** SUPPLIED MATERIAL follows **

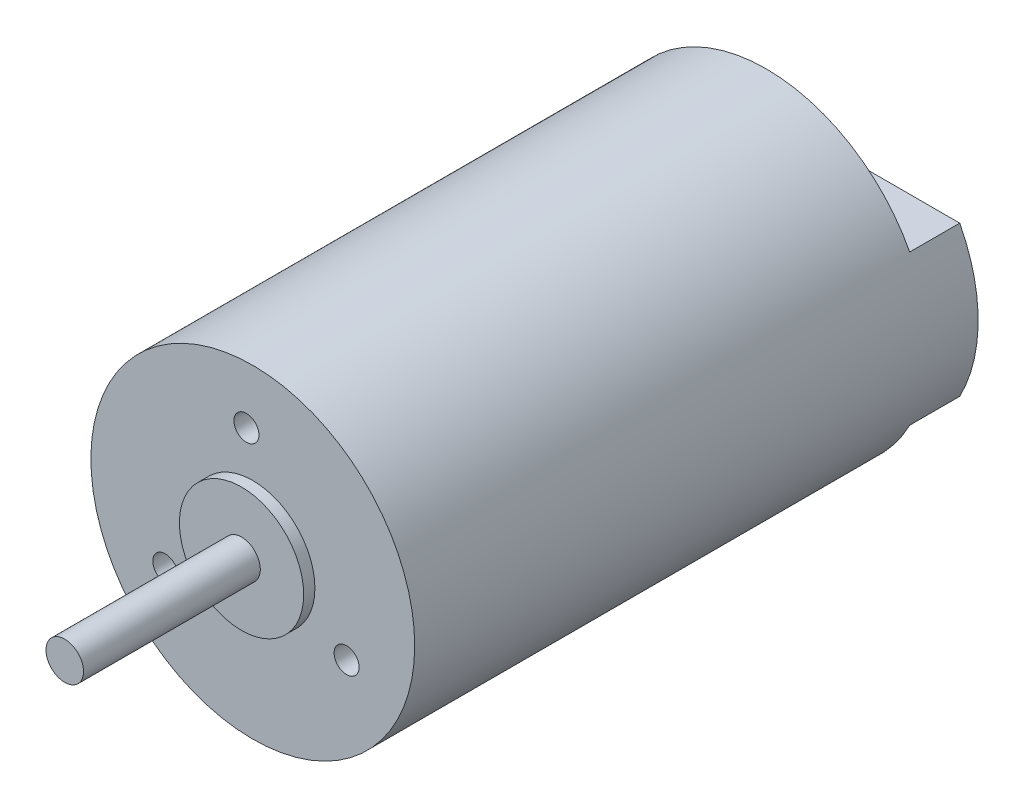
ISO-10303-21;
HEADER;
FILE_DESCRIPTION(('STEP AP214'),'2;1');
FILE_NAME('part.step','',(''),(''),'','','');
FILE_SCHEMA(('AUTOMOTIVE_DESIGN { 1 0 10303 214 1 1 1 1 }'));
ENDSEC;
DATA;
#1=APPLICATION_CONTEXT('core data for automotive mechanical design processes');
#2=APPLICATION_PROTOCOL_DEFINITION('international standard','automotive_design',2000,#1);
#3=PRODUCT_CONTEXT('',#1,'mechanical');
#4=PRODUCT('Part','Part','',(#3));
#5=PRODUCT_RELATED_PRODUCT_CATEGORY('part','',(#4));
#6=PRODUCT_DEFINITION_FORMATION('','',#4);
#7=PRODUCT_DEFINITION_CONTEXT('part definition',#1,'design');
#8=PRODUCT_DEFINITION('design','',#6,#7);
#9=PRODUCT_DEFINITION_SHAPE('','',#8);
#10=(LENGTH_UNIT() NAMED_UNIT(*) SI_UNIT(.MILLI.,.METRE.));
#11=(NAMED_UNIT(*) PLANE_ANGLE_UNIT() SI_UNIT($,.RADIAN.));
#12=(NAMED_UNIT(*) SI_UNIT($,.STERADIAN.) SOLID_ANGLE_UNIT());
#13=UNCERTAINTY_MEASURE_WITH_UNIT(LENGTH_MEASURE(1.E-05),#10,'distance_accuracy_value','');
#14=(GEOMETRIC_REPRESENTATION_CONTEXT(3) GLOBAL_UNCERTAINTY_ASSIGNED_CONTEXT((#13)) GLOBAL_UNIT_ASSIGNED_CONTEXT((#10,
#11,#12)) REPRESENTATION_CONTEXT('',''));
#15=CARTESIAN_POINT('',(0.,0.,0.));
#16=DIRECTION('',(0.,0.,1.));
#17=DIRECTION('',(1.,0.,0.));
#18=AXIS2_PLACEMENT_3D('',#15,#16,#17);
#19=CARTESIAN_POINT('',(0.,0.,0.));
#20=DIRECTION('',(0.,0.,1.));
#21=DIRECTION('',(1.,0.,0.));
#22=AXIS2_PLACEMENT_3D('',#19,#20,#21);
#23=PLANE('',#22);
#24=DIRECTION('',(-1.,0.,0.));
#25=VECTOR('',#24,1.);
#26=CARTESIAN_POINT('',(0.,-6.,0.));
#27=LINE('',#26,#25);
#28=CARTESIAN_POINT('',(11.4761709642197,-6.,0.));
#29=VERTEX_POINT('',#28);
#30=CARTESIAN_POINT('',(-11.4761709642197,-6.,0.));
#31=VERTEX_POINT('',#30);
#32=EDGE_CURVE('E49',#29,#31,#27,.T.);
#33=ORIENTED_EDGE('',*,*,#32,.F.);
#34=CARTESIAN_POINT('',(0.,0.,0.));
#35=DIRECTION('',(0.,0.,1.));
#36=DIRECTION('',(1.,0.,0.));
#37=AXIS2_PLACEMENT_3D('',#34,#35,#36);
#38=CIRCLE('',#37,12.95);
#39=EDGE_CURVE('E128',#31,#29,#38,.T.);
#40=ORIENTED_EDGE('',*,*,#39,.F.);
#41=EDGE_LOOP('',(#33,#40));
#42=FACE_BOUND('',#41,.T.);
#43=ADVANCED_FACE('F33',(#42),#23,.F.);
#44=CARTESIAN_POINT('',(0.,0.,41.97));
#45=DIRECTION('',(0.,0.,1.));
#46=DIRECTION('',(1.,0.,0.));
#47=AXIS2_PLACEMENT_3D('',#44,#45,#46);
#48=PLANE('',#47);
#49=CARTESIAN_POINT('',(0.,0.,41.97));
#50=DIRECTION('',(0.,0.,1.));
#51=DIRECTION('',(1.,0.,0.));
#52=AXIS2_PLACEMENT_3D('',#49,#50,#51);
#53=CIRCLE('',#52,4.97);
#54=CARTESIAN_POINT('',(4.97,0.,41.97));
#55=VERTEX_POINT('',#54);
#56=EDGE_CURVE('E130',#55,#55,#53,.T.);
#57=ORIENTED_EDGE('',*,*,#56,.T.);
#58=EDGE_LOOP('',(#57));
#59=FACE_BOUND('',#58,.T.);
#60=CARTESIAN_POINT('',(0.,0.,41.97));
#61=DIRECTION('',(0.,0.,1.));
#62=DIRECTION('',(1.,0.,0.));
#63=AXIS2_PLACEMENT_3D('',#60,#61,#62);
#64=CIRCLE('',#63,1.5);
#65=CARTESIAN_POINT('',(-1.5,0.,41.97));
#66=VERTEX_POINT('',#65);
#67=EDGE_CURVE('E141',#66,#66,#64,.T.);
#68=ORIENTED_EDGE('',*,*,#67,.F.);
#69=EDGE_LOOP('',(#68));
#70=FACE_BOUND('',#69,.T.);
#71=ADVANCED_FACE('F168',(#59,#70),#48,.T.);
#72=CARTESIAN_POINT('',(0.,0.,41.07));
#73=DIRECTION('',(0.,0.,1.));
#74=DIRECTION('',(1.,0.,0.));
#75=AXIS2_PLACEMENT_3D('',#72,#73,#74);
#76=PLANE('',#75);
#77=CARTESIAN_POINT('',(-0.508072965356447,8.36131323140124,41.07));
#78=DIRECTION('',(0.,0.,1.));
#79=DIRECTION('',(1.,0.,0.));
#80=AXIS2_PLACEMENT_3D('',#77,#78,#79);
#81=CIRCLE('',#80,0.999999999999989);
#82=CARTESIAN_POINT('',(0.491927034643542,8.36131323140124,41.07));
#83=VERTEX_POINT('',#82);
#84=EDGE_CURVE('E92',#83,#83,#81,.T.);
#85=ORIENTED_EDGE('',*,*,#84,.F.);
#86=EDGE_LOOP('',(#85));
#87=FACE_BOUND('',#86,.T.);
#88=CARTESIAN_POINT('',(7.50309849036857,-3.72467584301782,41.07));
#89=DIRECTION('',(0.,0.,1.));
#90=DIRECTION('',(1.,0.,0.));
#91=AXIS2_PLACEMENT_3D('',#88,#89,#90);
#92=CIRCLE('',#91,0.99999999999999);
#93=CARTESIAN_POINT('',(8.50309849036856,-3.72467584301782,41.07));
#94=VERTEX_POINT('',#93);
#95=EDGE_CURVE('E155',#94,#94,#92,.T.);
#96=ORIENTED_EDGE('',*,*,#95,.F.);
#97=EDGE_LOOP('',(#96));
#98=FACE_BOUND('',#97,.T.);
#99=CARTESIAN_POINT('',(-6.99690150963143,-4.60576447034028,41.07));
#100=DIRECTION('',(0.,0.,1.));
#101=DIRECTION('',(1.,0.,0.));
#102=AXIS2_PLACEMENT_3D('',#99,#100,#101);
#103=CIRCLE('',#102,0.999999999999989);
#104=CARTESIAN_POINT('',(-5.99690150963144,-4.60576447034028,41.07));
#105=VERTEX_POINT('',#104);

** End of SUPPLIED MATERIAL **

TASK STATEMENT: Look back at the entries above and repeat, unchanged, every line from the line holding "#84=EDGE_CURVE('E92',#83,#83,#81,.T.);" through the line holding "#90=DIRECTION('',(1.,0.,0.));".

RESPONSE FOR THIS EXERCISE:
#84=EDGE_CURVE('E92',#83,#83,#81,.T.);
#85=ORIENTED_EDGE('',*,*,#84,.F.);
#86=EDGE_LOOP('',(#85));
#87=FACE_BOUND('',#86,.T.);
#88=CARTESIAN_POINT('',(7.50309849036857,-3.72467584301782,41.07));
#89=DIRECTION('',(0.,0.,1.));
#90=DIRECTION('',(1.,0.,0.));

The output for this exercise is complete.